Wed, Dec 2 FRIENDLY FIRES, THE.
FRIENDLY FIRES, THE XX at the Phoenix Rating: NNNN
Friendly Fires and The xx have a lot in common. Both pop bands borrow from dance music, both have been fawned over by the UK music press, and both subtly integrate electronic elements into their live shows. But experiencing the two in concert together is an exercise in contrasts.
The xx are minimal on record, and even more so live. Instead of using electronics to fill in the bits they can’t play by hand, their electronics whiz, Jamie Smith, uses his sampler like a miniature drum kit, tapping out beats in real time with his fingers. Singer/guitarist Romy Madley Croft and singer/bassist Oliver Sim seem determined to play as few notes as possible while barely moving. Still, their perfect little pop songs, written to make the most of their limited playing abilities, sounded pristine and gorgeous.

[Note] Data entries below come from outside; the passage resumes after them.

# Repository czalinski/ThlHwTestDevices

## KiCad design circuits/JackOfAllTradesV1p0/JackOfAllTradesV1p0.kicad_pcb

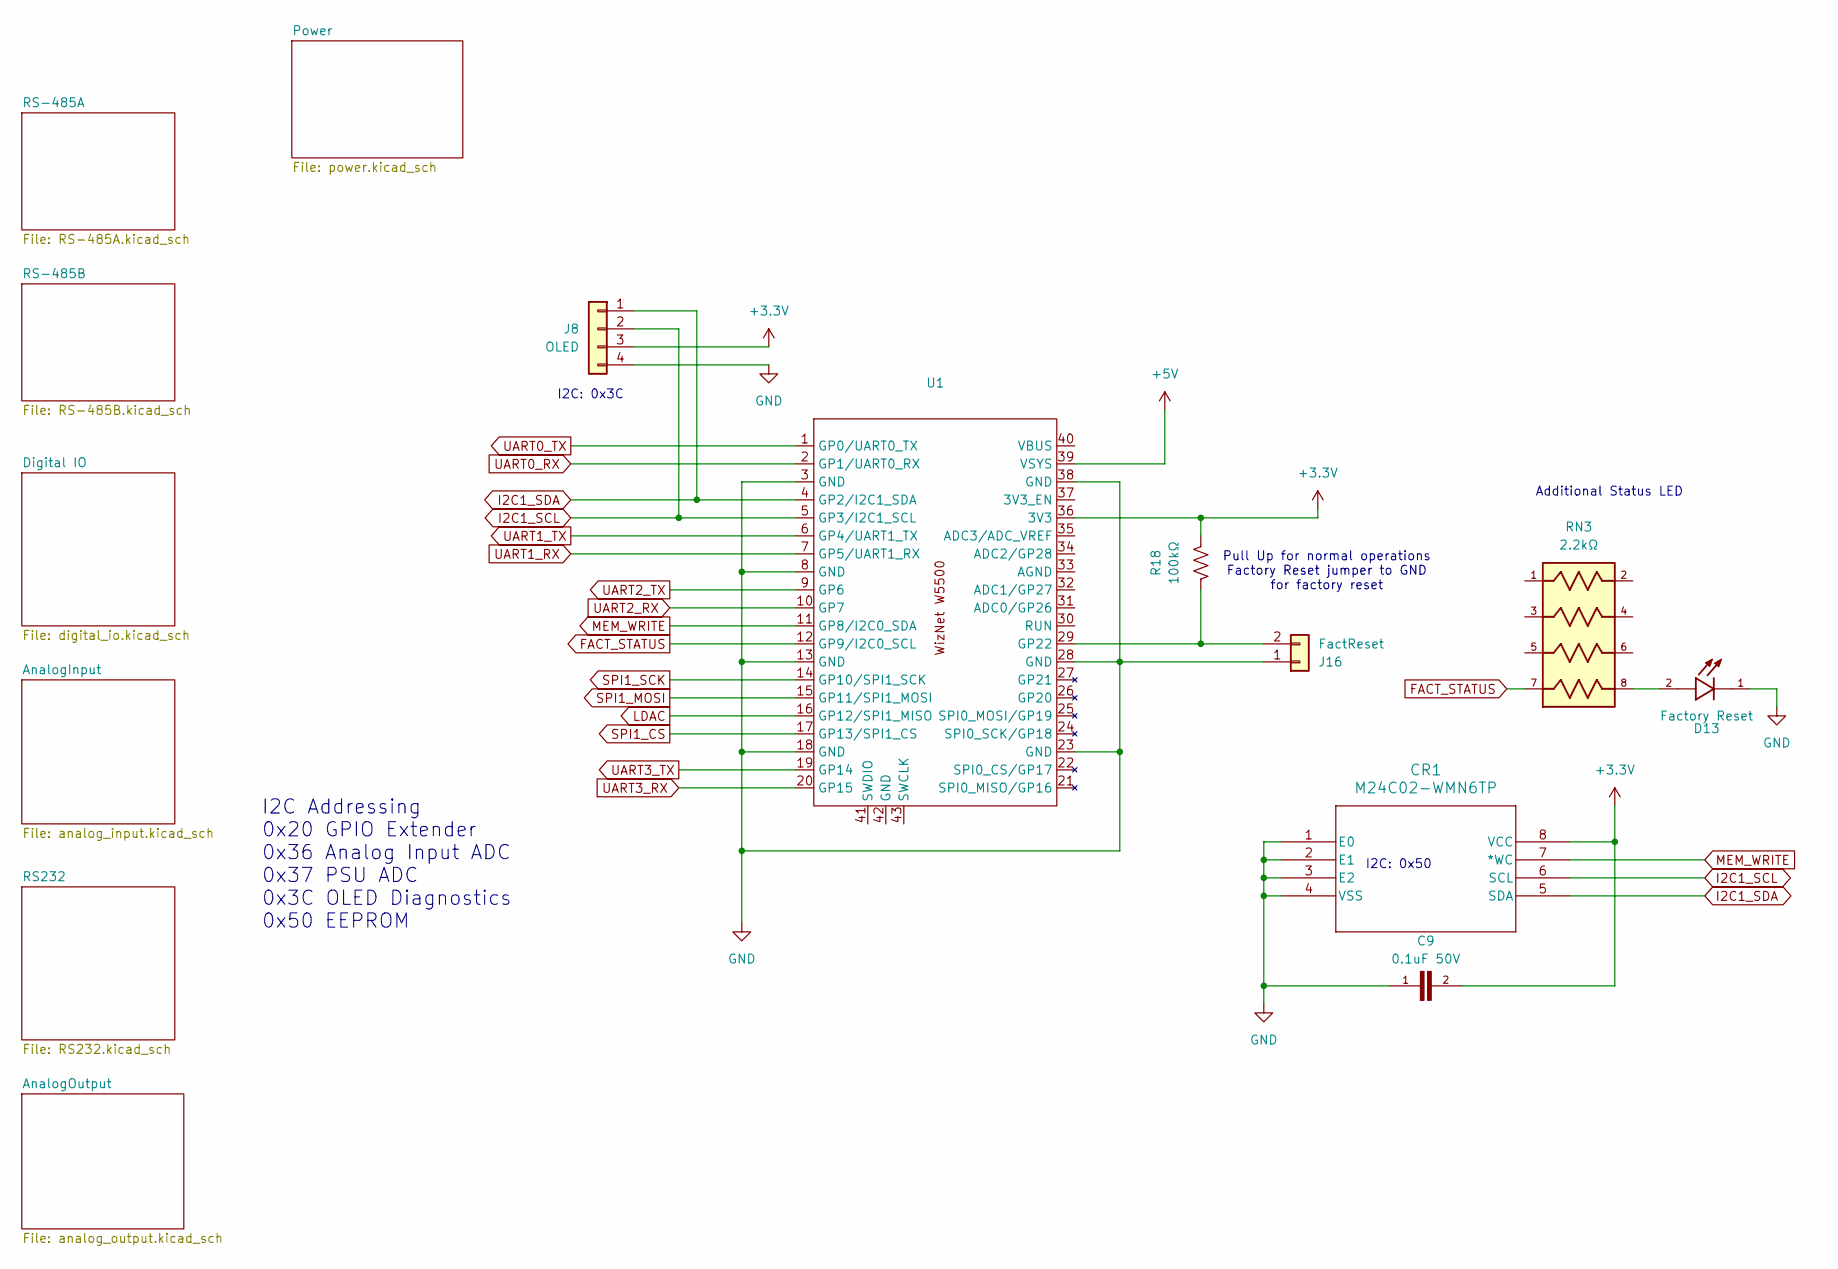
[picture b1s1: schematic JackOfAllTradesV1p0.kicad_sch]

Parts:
C9: 0.1uF 50V; CAPC2012X70
CR1: M24C02-WMN6TP; SO-8_STM
D13: Factory Reset; LED_LTST-C170GKT; PARTREV I
J8: OLED; PinHeader_1x04_P2.54mm_Vertical
J16: FactReset; PinHeader_1x02_P2.54mm_Horizontal
R18: 100kΩ; RES_1206
RN3: 2.2kΩ; RESCAXS50P200X100X55-8N
U1: WizNetPico_OnBoard

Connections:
+3.3V: C9.2, CR1.8 (VCC), J8.3, R18.1, U1.36 (3V3); also elsewhere on the board
+5V: U1.39 (VSYS); also elsewhere on the board
FACT_STATUS: RN3.7, U1.12 (GP9/I2C0_SCL)
GND: C9.1, CR1.1 (E0), CR1.2 (E1), CR1.3 (E2), CR1.4 (VSS), D13.1, J8.4, J16.1, U1.3 (GND), U1.8 (GND), U1.13 (GND), U1.18 (GND), U1.23 (GND), U1.28 (GND), U1.38 (GND); also elsewhere on the board
I2C1_SCL: CR1.6 (SCL), J8.2, U1.5 (GP3/I2C1_SCL); also elsewhere on the board
I2C1_SDA: CR1.5 (SDA), J8.1, U1.4 (GP2/I2C1_SDA); also elsewhere on the board
LDAC: U1.16 (GP12/SPI1_MISO); also elsewhere on the board
MEM_WRITE: CR1.7 (*WC), U1.11 (GP8/I2C0_SDA)
unnamed: D13.2, RN3.8
unnamed: J16.2, R18.2, U1.29 (GP22)
SPI1_CS: U1.17 (GP13/SPI1_CS); also elsewhere on the board
SPI1_MOSI: U1.15 (GP11/SPI1_MOSI); also elsewhere on the board
SPI1_SCK: U1.14 (GP10/SPI1_SCK); also elsewhere on the board
UART0_RX: U1.2 (GP1/UART0_RX); also elsewhere on the board
UART0_TX: U1.1 (GP0/UART0_TX); also elsewhere on the board
UART1_RX: U1.7 (GP5/UART1_RX); also elsewhere on the board
UART1_TX: U1.6 (GP4/UART1_TX); also elsewhere on the board
UART2_RX: U1.10 (GP7); also elsewhere on the board
UART2_TX: U1.9 (GP6); also elsewhere on the board
UART3_RX: U1.20 (GP15); also elsewhere on the board
UART3_TX: U1.19 (GP14); also elsewhere on the board

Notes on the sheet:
Pull Up for normal operations Factory Reset jumper to GND for factory reset
I2C: 0x3C
Additional Status LED
I2C Addressing 0x20 GPIO Extender 0x36 Analog Input ADC 0x37 PSU ADC 0x3C OLED Diagnostics 0x50 EEPROM
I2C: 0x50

Friendly Fires provided some welcome relief from the tension artfully built up by The xx. If The xx went small, Friendly Fires went huge. Their show included a big band (with horn section), sequenced backing tracks and lots of jumping and sweating. Compared to their opening act, the upbeat dance pop came across as a bit shallow but still undeniably entertaining.
PRINCE PAUL at the Drake Underground Rating: NN
Prince Paul played an enjoyable but predictable set at the Drake Underground that didn’t quite live up to the hype. The Stetsasonic alumnus and A-list producer (De La Soul, 3rd Bass, Handsome Boy Modeling School) catered to the average partygoer by including hits like Onyx’s Slam, A Tribe Called Quest’s Scenario and Black Sheep’s The Choice Is Yours. But he also snuck in a few gems by Diamond D and Pete Rock.
Even though he kicked things off with a monologue that outlined the chronological route in which he planned to take the set, he quickly deviated from it, jumping back and forth between decades. This wasn’t a bad thing, just odd considering his stated concept. Paul is much more of a producer than a DJ, evidenced by the fact that almost all of his selections were slammed together rather than beat-matched and blended. His strong hype-man skills shifted focus away from the sometimes awkward transitions.
THE HIDDEN CAMERAS at the Opera House Rating: NNNN
It was the final night of the Hidden Cameras’ 32-city North American tour, but the gigantic band seemed neither fatigued nor unenthusiastic. Instead, while frontman Joel Gibb delivered tunes from their new Origin:Orphan album in his rich baritone, the other members hopped and sang around him, while glock player/keyboardist Maggie MacDonald led the packed Opera House in choreographed dance moves. A 12-person choir dressed in ghost sheets with the eyes cut out hovered comically on rafters.
Spectacle is what we’ve come to expect from Toronto’s gay church folk band, yet the costumes, dance moves, white-wigged girls waving white flags and guest vocals by opener Gentleman Reg never overshadowed the impeccably executed and orchestrated music, which was joyous and driving but took a quieter, sombre turn midway through the set. Things picked up again near the end, with uplifting versions of AWOO and In The NA. A cover of Rihanna’s Umbrella during the encore got everybody crazy.